> [Source data]:
<<<<
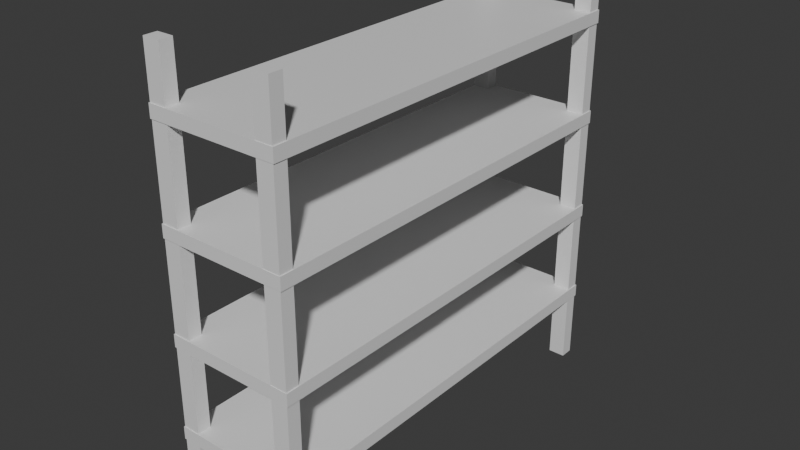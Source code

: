 # Source: storage_shelf.blend  (saved by Blender 4.1.23; exported with 4.5.12 LTS)
import bpy
from mathutils import Matrix  # noqa: F401  (used for matrix-valued properties, if any)

bpy.ops.wm.read_factory_settings(use_empty=True)
scene = bpy.context.scene
scene.name = 'Scene'

# ---- collections
col_collection = bpy.data.collections.new('Collection'); scene.collection.children.link(col_collection)

# ---- materials (node trees are filled in below, after node groups)
mat_material = bpy.data.materials.new('Material')
mat_material.alpha_threshold = 0.0
mat_material.use_transparent_shadow = False
mat_material.roughness = 0.5
mat_material.line_color = (0.0, 0.0, 0.0, 1.0)
mat_material_001 = bpy.data.materials.new('Material.001')
mat_material_001.alpha_threshold = 0.0
mat_material_001.use_transparent_shadow = False
mat_material_001.roughness = 0.5
mat_material_001.line_color = (0.0, 0.0, 0.0, 1.0)
mat_material_002 = bpy.data.materials.new('Material.002')
mat_material_002.alpha_threshold = 0.0
mat_material_002.use_transparent_shadow = False
mat_material_002.roughness = 0.5
mat_material_002.line_color = (0.0, 0.0, 0.0, 1.0)
mat_material_003 = bpy.data.materials.new('Material.003')
mat_material_003.alpha_threshold = 0.0
mat_material_003.use_transparent_shadow = False
mat_material_003.roughness = 0.5
mat_material_003.line_color = (0.0, 0.0, 0.0, 1.0)
mat_material_004 = bpy.data.materials.new('Material.004')
mat_material_004.alpha_threshold = 0.0
mat_material_004.use_transparent_shadow = False
mat_material_004.roughness = 0.5
mat_material_004.line_color = (0.0, 0.0, 0.0, 1.0)
mat_material_005 = bpy.data.materials.new('Material.005')
mat_material_005.alpha_threshold = 0.0
mat_material_005.use_transparent_shadow = False
mat_material_005.roughness = 0.5
mat_material_005.line_color = (0.0, 0.0, 0.0, 1.0)
mat_material_006 = bpy.data.materials.new('Material.006')
mat_material_006.alpha_threshold = 0.0
mat_material_006.use_transparent_shadow = False
mat_material_006.roughness = 0.5
mat_material_006.line_color = (0.0, 0.0, 0.0, 1.0)
mat_material_007 = bpy.data.materials.new('Material.007')
mat_material_007.alpha_threshold = 0.0
mat_material_007.use_transparent_shadow = False
mat_material_007.roughness = 0.5
mat_material_007.line_color = (0.0, 0.0, 0.0, 1.0)

# ---- material node trees
mat_material.use_nodes = True; mat_material.node_tree.nodes.clear()
_N = mat_material.node_tree.nodes; _L = mat_material.node_tree.links
n0 = _N.new('ShaderNodeOutputMaterial'); n0.name = 'Material Output'; n0.location = (300, 300)
n1 = _N.new('ShaderNodeBsdfPrincipled'); n1.name = 'Principled BSDF'; n1.location = (10, 300)
n1.inputs[3].default_value = 1.45
_L.new(n1.outputs[0], n0.inputs[0])
n0.is_active_output = True
mat_material_001.use_nodes = True; mat_material_001.node_tree.nodes.clear()
_N = mat_material_001.node_tree.nodes; _L = mat_material_001.node_tree.links
n0 = _N.new('ShaderNodeOutputMaterial'); n0.name = 'Material Output'; n0.location = (300, 300)
n1 = _N.new('ShaderNodeBsdfPrincipled'); n1.name = 'Principled BSDF'; n1.location = (10, 300)
n1.inputs[3].default_value = 1.45
_L.new(n1.outputs[0], n0.inputs[0])
n0.is_active_output = True
mat_material_002.use_nodes = True; mat_material_002.node_tree.nodes.clear()
_N = mat_material_002.node_tree.nodes; _L = mat_material_002.node_tree.links
n0 = _N.new('ShaderNodeOutputMaterial'); n0.name = 'Material Output'; n0.location = (300, 300)
n1 = _N.new('ShaderNodeBsdfPrincipled'); n1.name = 'Principled BSDF'; n1.location = (10, 300)
n1.inputs[3].default_value = 1.45
_L.new(n1.outputs[0], n0.inputs[0])
n0.is_active_output = True
mat_material_003.use_nodes = True; mat_material_003.node_tree.nodes.clear()
_N = mat_material_003.node_tree.nodes; _L = mat_material_003.node_tree.links
n0 = _N.new('ShaderNodeOutputMaterial'); n0.name = 'Material Output'; n0.location = (300, 300)
n1 = _N.new('ShaderNodeBsdfPrincipled'); n1.name = 'Principled BSDF'; n1.location = (10, 300)
n1.inputs[3].default_value = 1.45
_L.new(n1.outputs[0], n0.inputs[0])
n0.is_active_output = True
mat_material_004.use_nodes = True; mat_material_004.node_tree.nodes.clear()
_N = mat_material_004.node_tree.nodes; _L = mat_material_004.node_tree.links
n0 = _N.new('ShaderNodeOutputMaterial'); n0.name = 'Material Output'; n0.location = (300, 300)
n1 = _N.new('ShaderNodeBsdfPrincipled'); n1.name = 'Principled BSDF'; n1.location = (10, 300)
n1.inputs[3].default_value = 1.45
_L.new(n1.outputs[0], n0.inputs[0])
n0.is_active_output = True
mat_material_005.use_nodes = True; mat_material_005.node_tree.nodes.clear()
_N = mat_material_005.node_tree.nodes; _L = mat_material_005.node_tree.links
n0 = _N.new('ShaderNodeOutputMaterial'); n0.name = 'Material Output'; n0.location = (300, 300)
n1 = _N.new('ShaderNodeBsdfPrincipled'); n1.name = 'Principled BSDF'; n1.location = (10, 300)
n1.inputs[3].default_value = 1.45
_L.new(n1.outputs[0], n0.inputs[0])
n0.is_active_output = True
mat_material_006.use_nodes = True; mat_material_006.node_tree.nodes.clear()
_N = mat_material_006.node_tree.nodes; _L = mat_material_006.node_tree.links
n0 = _N.new('ShaderNodeOutputMaterial'); n0.name = 'Material Output'; n0.location = (300, 300)
n1 = _N.new('ShaderNodeBsdfPrincipled'); n1.name = 'Principled BSDF'; n1.location = (10, 300)
n1.inputs[3].default_value = 1.45
_L.new(n1.outputs[0], n0.inputs[0])
n0.is_active_output = True
mat_material_007.use_nodes = True; mat_material_007.node_tree.nodes.clear()
_N = mat_material_007.node_tree.nodes; _L = mat_material_007.node_tree.links
n0 = _N.new('ShaderNodeOutputMaterial'); n0.name = 'Material Output'; n0.location = (300, 300)
n1 = _N.new('ShaderNodeBsdfPrincipled'); n1.name = 'Principled BSDF'; n1.location = (10, 300)
n1.inputs[3].default_value = 1.45
_L.new(n1.outputs[0], n0.inputs[0])
n0.is_active_output = True

# ---- world
world_world = bpy.data.worlds.new('World'); scene.world = world_world
world_world.use_nodes = True; world_world.node_tree.nodes.clear()
_N = world_world.node_tree.nodes; _L = world_world.node_tree.links
n0 = _N.new('ShaderNodeOutputWorld'); n0.name = 'World Output'; n0.location = (300, 300)
n1 = _N.new('ShaderNodeBackground'); n1.name = 'Background'; n1.location = (10, 300)
n1.inputs[0].default_value = (0.05088, 0.05088, 0.05088, 1.0)
_L.new(n1.outputs[0], n0.inputs[0])
n0.is_active_output = True
world_world.color = (0.05088, 0.05088, 0.05088)
world_world.use_sun_shadow = False
world_world.sun_shadow_jitter_overblur = 0.0

# ---- meshes
me_cube = bpy.data.meshes.new('Cube')
me_cube.from_pydata([(1.0, 1.0, 1.0), (1.0, 1.0, -1.0), (1.0, -1.0, 1.0), (1.0, -1.0, -1.0), (-1.0, 1.0, 1.0), (-1.0, 1.0, -1.0), (-1.0, -1.0, 1.0), (-1.0, -1.0, -1.0)], [], [(0, 4, 6, 2), (3, 2, 6, 7), (7, 6, 4, 5), (5, 1, 3, 7), (1, 0, 2, 3), (5, 4, 0, 1)])
_uv = me_cube.uv_layers.new(name='UVMap')
_uv.uv.foreach_set('vector', [0.625, 0.5, 0.875, 0.5, 0.875, 0.75, 0.625, 0.75, 0.375, 0.75, 0.625, 0.75, 0.625, 1.0, 0.375, 1.0, 0.375, 0.0, 0.625, 0.0, 0.625, 0.25, 0.375, 0.25, 0.125, 0.5, 0.375, 0.5, 0.375, 0.75, 0.125, 0.75, 0.375, 0.5, 0.625, 0.5, 0.625, 0.75, 0.375, 0.75, 0.375, 0.25, 0.625, 0.25, 0.625, 0.5, 0.375, 0.5])
me_cube.materials.append(mat_material)
me_cube.use_mirror_vertex_groups = False
me_cube.update()
me_cube_001 = bpy.data.meshes.new('Cube.001')
me_cube_001.from_pydata([(1.0, 1.0, 1.0), (1.0, 1.0, -1.0), (1.0, -1.0, 1.0), (1.0, -1.0, -1.0), (-1.0, 1.0, 1.0), (-1.0, 1.0, -1.0), (-1.0, -1.0, 1.0), (-1.0, -1.0, -1.0)], [], [(0, 4, 6, 2), (3, 2, 6, 7), (7, 6, 4, 5), (5, 1, 3, 7), (1, 0, 2, 3), (5, 4, 0, 1)])
_uv = me_cube_001.uv_layers.new(name='UVMap')
_uv.uv.foreach_set('vector', [0.625, 0.5, 0.875, 0.5, 0.875, 0.75, 0.625, 0.75, 0.375, 0.75, 0.625, 0.75, 0.625, 1.0, 0.375, 1.0, 0.375, 0.0, 0.625, 0.0, 0.625, 0.25, 0.375, 0.25, 0.125, 0.5, 0.375, 0.5, 0.375, 0.75, 0.125, 0.75, 0.375, 0.5, 0.625, 0.5, 0.625, 0.75, 0.375, 0.75, 0.375, 0.25, 0.625, 0.25, 0.625, 0.5, 0.375, 0.5])
me_cube_001.materials.append(mat_material_001)
me_cube_001.use_mirror_vertex_groups = False
me_cube_001.update()
me_cube_002 = bpy.data.meshes.new('Cube.002')
me_cube_002.from_pydata([(1.0, 1.0, 1.0), (1.0, 1.0, -1.0), (1.0, -1.0, 1.0), (1.0, -1.0, -1.0), (-1.0, 1.0, 1.0), (-1.0, 1.0, -1.0), (-1.0, -1.0, 1.0), (-1.0, -1.0, -1.0)], [], [(0, 4, 6, 2), (3, 2, 6, 7), (7, 6, 4, 5), (5, 1, 3, 7), (1, 0, 2, 3), (5, 4, 0, 1)])
_uv = me_cube_002.uv_layers.new(name='UVMap')
_uv.uv.foreach_set('vector', [0.625, 0.5, 0.875, 0.5, 0.875, 0.75, 0.625, 0.75, 0.375, 0.75, 0.625, 0.75, 0.625, 1.0, 0.375, 1.0, 0.375, 0.0, 0.625, 0.0, 0.625, 0.25, 0.375, 0.25, 0.125, 0.5, 0.375, 0.5, 0.375, 0.75, 0.125, 0.75, 0.375, 0.5, 0.625, 0.5, 0.625, 0.75, 0.375, 0.75, 0.375, 0.25, 0.625, 0.25, 0.625, 0.5, 0.375, 0.5])
me_cube_002.materials.append(mat_material_002)
me_cube_002.use_mirror_vertex_groups = False
me_cube_002.update()
me_cube_003 = bpy.data.meshes.new('Cube.003')
me_cube_003.from_pydata([(1.0, 1.0, 1.0), (1.0, 1.0, -1.0), (1.0, -1.0, 1.0), (1.0, -1.0, -1.0), (-1.0, 1.0, 1.0), (-1.0, 1.0, -1.0), (-1.0, -1.0, 1.0), (-1.0, -1.0, -1.0)], [], [(0, 4, 6, 2), (3, 2, 6, 7), (7, 6, 4, 5), (5, 1, 3, 7), (1, 0, 2, 3), (5, 4, 0, 1)])
_uv = me_cube_003.uv_layers.new(name='UVMap')
_uv.uv.foreach_set('vector', [0.625, 0.5, 0.875, 0.5, 0.875, 0.75, 0.625, 0.75, 0.375, 0.75, 0.625, 0.75, 0.625, 1.0, 0.375, 1.0, 0.375, 0.0, 0.625, 0.0, 0.625, 0.25, 0.375, 0.25, 0.125, 0.5, 0.375, 0.5, 0.375, 0.75, 0.125, 0.75, 0.375, 0.5, 0.625, 0.5, 0.625, 0.75, 0.375, 0.75, 0.375, 0.25, 0.625, 0.25, 0.625, 0.5, 0.375, 0.5])
me_cube_003.materials.append(mat_material_003)
me_cube_003.use_mirror_vertex_groups = False
me_cube_003.update()
me_cube_004 = bpy.data.meshes.new('Cube.004')
me_cube_004.from_pydata([(1.0, 1.0, 1.0), (1.0, 1.0, -1.0), (1.0, -1.0, 1.0), (1.0, -1.0, -1.0), (-1.0, 1.0, 1.0), (-1.0, 1.0, -1.0), (-1.0, -1.0, 1.0), (-1.0, -1.0, -1.0)], [], [(0, 4, 6, 2), (3, 2, 6, 7), (7, 6, 4, 5), (5, 1, 3, 7), (1, 0, 2, 3), (5, 4, 0, 1)])
_uv = me_cube_004.uv_layers.new(name='UVMap')
_uv.uv.foreach_set('vector', [0.625, 0.5, 0.875, 0.5, 0.875, 0.75, 0.625, 0.75, 0.375, 0.75, 0.625, 0.75, 0.625, 1.0, 0.375, 1.0, 0.375, 0.0, 0.625, 0.0, 0.625, 0.25, 0.375, 0.25, 0.125, 0.5, 0.375, 0.5, 0.375, 0.75, 0.125, 0.75, 0.375, 0.5, 0.625, 0.5, 0.625, 0.75, 0.375, 0.75, 0.375, 0.25, 0.625, 0.25, 0.625, 0.5, 0.375, 0.5])
me_cube_004.materials.append(mat_material_004)
me_cube_004.use_mirror_vertex_groups = False
me_cube_004.update()
me_cube_005 = bpy.data.meshes.new('Cube.005')
me_cube_005.from_pydata([(1.0, 1.0, 1.0), (1.0, 1.0, -1.0), (1.0, -1.0, 1.0), (1.0, -1.0, -1.0), (-1.0, 1.0, 1.0), (-1.0, 1.0, -1.0), (-1.0, -1.0, 1.0), (-1.0, -1.0, -1.0)], [], [(0, 4, 6, 2), (3, 2, 6, 7), (7, 6, 4, 5), (5, 1, 3, 7), (1, 0, 2, 3), (5, 4, 0, 1)])
_uv = me_cube_005.uv_layers.new(name='UVMap')
_uv.uv.foreach_set('vector', [0.625, 0.5, 0.875, 0.5, 0.875, 0.75, 0.625, 0.75, 0.375, 0.75, 0.625, 0.75, 0.625, 1.0, 0.375, 1.0, 0.375, 0.0, 0.625, 0.0, 0.625, 0.25, 0.375, 0.25, 0.125, 0.5, 0.375, 0.5, 0.375, 0.75, 0.125, 0.75, 0.375, 0.5, 0.625, 0.5, 0.625, 0.75, 0.375, 0.75, 0.375, 0.25, 0.625, 0.25, 0.625, 0.5, 0.375, 0.5])
me_cube_005.materials.append(mat_material_005)
me_cube_005.use_mirror_vertex_groups = False
me_cube_005.update()
me_cube_006 = bpy.data.meshes.new('Cube.006')
me_cube_006.from_pydata([(1.0, 1.0, 1.0), (1.0, 1.0, -1.0), (1.0, -1.0, 1.0), (1.0, -1.0, -1.0), (-1.0, 1.0, 1.0), (-1.0, 1.0, -1.0), (-1.0, -1.0, 1.0), (-1.0, -1.0, -1.0)], [], [(0, 4, 6, 2), (3, 2, 6, 7), (7, 6, 4, 5), (5, 1, 3, 7), (1, 0, 2, 3), (5, 4, 0, 1)])
_uv = me_cube_006.uv_layers.new(name='UVMap')
_uv.uv.foreach_set('vector', [0.625, 0.5, 0.875, 0.5, 0.875, 0.75, 0.625, 0.75, 0.375, 0.75, 0.625, 0.75, 0.625, 1.0, 0.375, 1.0, 0.375, 0.0, 0.625, 0.0, 0.625, 0.25, 0.375, 0.25, 0.125, 0.5, 0.375, 0.5, 0.375, 0.75, 0.125, 0.75, 0.375, 0.5, 0.625, 0.5, 0.625, 0.75, 0.375, 0.75, 0.375, 0.25, 0.625, 0.25, 0.625, 0.5, 0.375, 0.5])
me_cube_006.materials.append(mat_material_006)
me_cube_006.use_mirror_vertex_groups = False
me_cube_006.update()
me_cube_007 = bpy.data.meshes.new('Cube.007')
me_cube_007.from_pydata([(1.0, 1.0, 1.0), (1.0, 1.0, -1.0), (1.0, -1.0, 1.0), (1.0, -1.0, -1.0), (-1.0, 1.0, 1.0), (-1.0, 1.0, -1.0), (-1.0, -1.0, 1.0), (-1.0, -1.0, -1.0)], [], [(0, 4, 6, 2), (3, 2, 6, 7), (7, 6, 4, 5), (5, 1, 3, 7), (1, 0, 2, 3), (5, 4, 0, 1)])
_uv = me_cube_007.uv_layers.new(name='UVMap')
_uv.uv.foreach_set('vector', [0.625, 0.5, 0.875, 0.5, 0.875, 0.75, 0.625, 0.75, 0.375, 0.75, 0.625, 0.75, 0.625, 1.0, 0.375, 1.0, 0.375, 0.0, 0.625, 0.0, 0.625, 0.25, 0.375, 0.25, 0.125, 0.5, 0.375, 0.5, 0.375, 0.75, 0.125, 0.75, 0.375, 0.5, 0.625, 0.5, 0.625, 0.75, 0.375, 0.75, 0.375, 0.25, 0.625, 0.25, 0.625, 0.5, 0.375, 0.5])
me_cube_007.materials.append(mat_material_007)
me_cube_007.use_mirror_vertex_groups = False
me_cube_007.update()

# ---- objects
ob_cube = bpy.data.objects.new('Cube', me_cube)
ob_cube_001 = bpy.data.objects.new('Cube.001', me_cube_001)
ob_cube_002 = bpy.data.objects.new('Cube.002', me_cube_002)
ob_cube_003 = bpy.data.objects.new('Cube.003', me_cube_003)
ob_cube_004 = bpy.data.objects.new('Cube.004', me_cube_004)
ob_cube_005 = bpy.data.objects.new('Cube.005', me_cube_005)
ob_cube_006 = bpy.data.objects.new('Cube.006', me_cube_006)
ob_cube_007 = bpy.data.objects.new('Cube.007', me_cube_007)

# ---- transforms, parenting, visibility, modifiers, constraints
ob_cube.location = (0.0, 0.0, 0.0)
ob_cube.scale = (1.0, 3.247, 0.09779)
ob_cube.lock_rotations_4d = False
ob_cube.empty_display_type = 'ARROWS'
ob_cube.lineart.crease_threshold = 0.0
ob_cube_001.location = (0.0, 0.0, 1.442)
ob_cube_001.scale = (1.0, 3.247, 0.09779)
ob_cube_001.lock_rotations_4d = False
ob_cube_001.empty_display_type = 'ARROWS'
ob_cube_001.lineart.crease_threshold = 0.0
ob_cube_002.location = (0.0, 0.0, 3.002)
ob_cube_002.scale = (1.0, 3.247, 0.09779)
ob_cube_002.lock_rotations_4d = False
ob_cube_002.empty_display_type = 'ARROWS'
ob_cube_002.lineart.crease_threshold = 0.0
ob_cube_003.location = (0.0, 0.0, 4.542)
ob_cube_003.scale = (1.0, 3.247, 0.09779)
ob_cube_003.lock_rotations_4d = False
ob_cube_003.empty_display_type = 'ARROWS'
ob_cube_003.lineart.crease_threshold = 0.0
ob_cube_004.location = (0.8554, -3.137, 2.132)
ob_cube_004.scale = (0.1305, 0.1031, 3.294)
ob_cube_004.lock_rotations_4d = False
ob_cube_004.empty_display_type = 'ARROWS'
ob_cube_004.lineart.crease_threshold = 0.0
ob_cube_005.location = (0.8554, 3.13, 2.132)
ob_cube_005.scale = (0.1305, 0.1031, 3.294)
ob_cube_005.lock_rotations_4d = False
ob_cube_005.empty_display_type = 'ARROWS'
ob_cube_005.lineart.crease_threshold = 0.0
ob_cube_006.location = (-0.8582, 3.13, 2.132)
ob_cube_006.scale = (0.1305, 0.1031, 3.294)
ob_cube_006.lock_rotations_4d = False
ob_cube_006.empty_display_type = 'ARROWS'
ob_cube_006.lineart.crease_threshold = 0.0
ob_cube_007.location = (-0.8582, -3.131, 2.132)
ob_cube_007.scale = (0.1305, 0.1031, 3.294)
ob_cube_007.lock_rotations_4d = False
ob_cube_007.empty_display_type = 'ARROWS'
ob_cube_007.lineart.crease_threshold = 0.0

# ---- collection membership
col_collection.objects.link(ob_cube)
col_collection.objects.link(ob_cube_001)
col_collection.objects.link(ob_cube_002)
col_collection.objects.link(ob_cube_003)
col_collection.objects.link(ob_cube_004)
col_collection.objects.link(ob_cube_005)
col_collection.objects.link(ob_cube_006)
col_collection.objects.link(ob_cube_007)

# ---- scene / render settings (as saved in the file)
scene.frame_start = 1; scene.frame_end = 250; scene.frame_set(1)
scene.render.engine = 'BLENDER_EEVEE_NEXT'
scene.cycles.sampling_pattern = 'TABULATED_SOBOL'
scene.eevee.ray_tracing_options.trace_max_roughness = 0.0
bpy.context.view_layer.update()

# ---- added for rendering (the .blend has no active camera and no usable light): camera, sun
cam_auto = bpy.data.cameras.new('AutoCamera')
cam_auto.lens = 50.0
cam_auto.sensor_width = 36.0
cam_auto.clip_end = 1000.0
ob_auto_camera = bpy.data.objects.new('AutoCamera', cam_auto)
scene.collection.objects.link(ob_auto_camera)
ob_auto_camera.location = (8.7568, -10.5082, 9.13786)
ob_auto_camera.rotation_euler = (1.09748, -7.21219e-08, 0.694738)
scene.camera = ob_auto_camera
light_auto_sun = bpy.data.lights.new('AutoSun', 'SUN')
light_auto_sun.energy = 3.0
light_auto_sun.angle = 0.0523599
ob_auto_sun = bpy.data.objects.new('AutoSun', light_auto_sun)
scene.collection.objects.link(ob_auto_sun)
ob_auto_sun.rotation_euler = (0.872665, 0.174533, 0.523599)
bpy.context.view_layer.update()
>>>>
> [Instructions to follow]:
From the records above, copy only the lines starting with the line that holds "ob_cube.lock_rotations_4d = False" and going on through the line that holds "ob_cube_007.lock_rotations_4d = False", exactly as written.

> [Response below]:
ob_cube.lock_rotations_4d = False
ob_cube.empty_display_type = 'ARROWS'
ob_cube.lineart.crease_threshold = 0.0
ob_cube_001.location = (0.0, 0.0, 1.442)
ob_cube_001.scale = (1.0, 3.247, 0.09779)
ob_cube_001.lock_rotations_4d = False
ob_cube_001.empty_display_type = 'ARROWS'
ob_cube_001.lineart.crease_threshold = 0.0
ob_cube_002.location = (0.0, 0.0, 3.002)
ob_cube_002.scale = (1.0, 3.247, 0.09779)
ob_cube_002.lock_rotations_4d = False
ob_cube_002.empty_display_type = 'ARROWS'
ob_cube_002.lineart.crease_threshold = 0.0
ob_cube_003.location = (0.0, 0.0, 4.542)
ob_cube_003.scale = (1.0, 3.247, 0.09779)
ob_cube_003.lock_rotations_4d = False
ob_cube_003.empty_display_type = 'ARROWS'
ob_cube_003.lineart.crease_threshold = 0.0
ob_cube_004.location = (0.8554, -3.137, 2.132)
ob_cube_004.scale = (0.1305, 0.1031, 3.294)
ob_cube_004.lock_rotations_4d = False
ob_cube_004.empty_display_type = 'ARROWS'
ob_cube_004.lineart.crease_threshold = 0.0
ob_cube_005.location = (0.8554, 3.13, 2.132)
ob_cube_005.scale = (0.1305, 0.1031, 3.294)
ob_cube_005.lock_rotations_4d = False
ob_cube_005.empty_display_type = 'ARROWS'
ob_cube_005.lineart.crease_threshold = 0.0
ob_cube_006.location = (-0.8582, 3.13, 2.132)
ob_cube_006.scale = (0.1305, 0.1031, 3.294)
ob_cube_006.lock_rotations_4d = False
ob_cube_006.empty_display_type = 'ARROWS'
ob_cube_006.lineart.crease_threshold = 0.0
ob_cube_007.location = (-0.8582, -3.131, 2.132)
ob_cube_007.scale = (0.1305, 0.1031, 3.294)
ob_cube_007.lock_rotations_4d = False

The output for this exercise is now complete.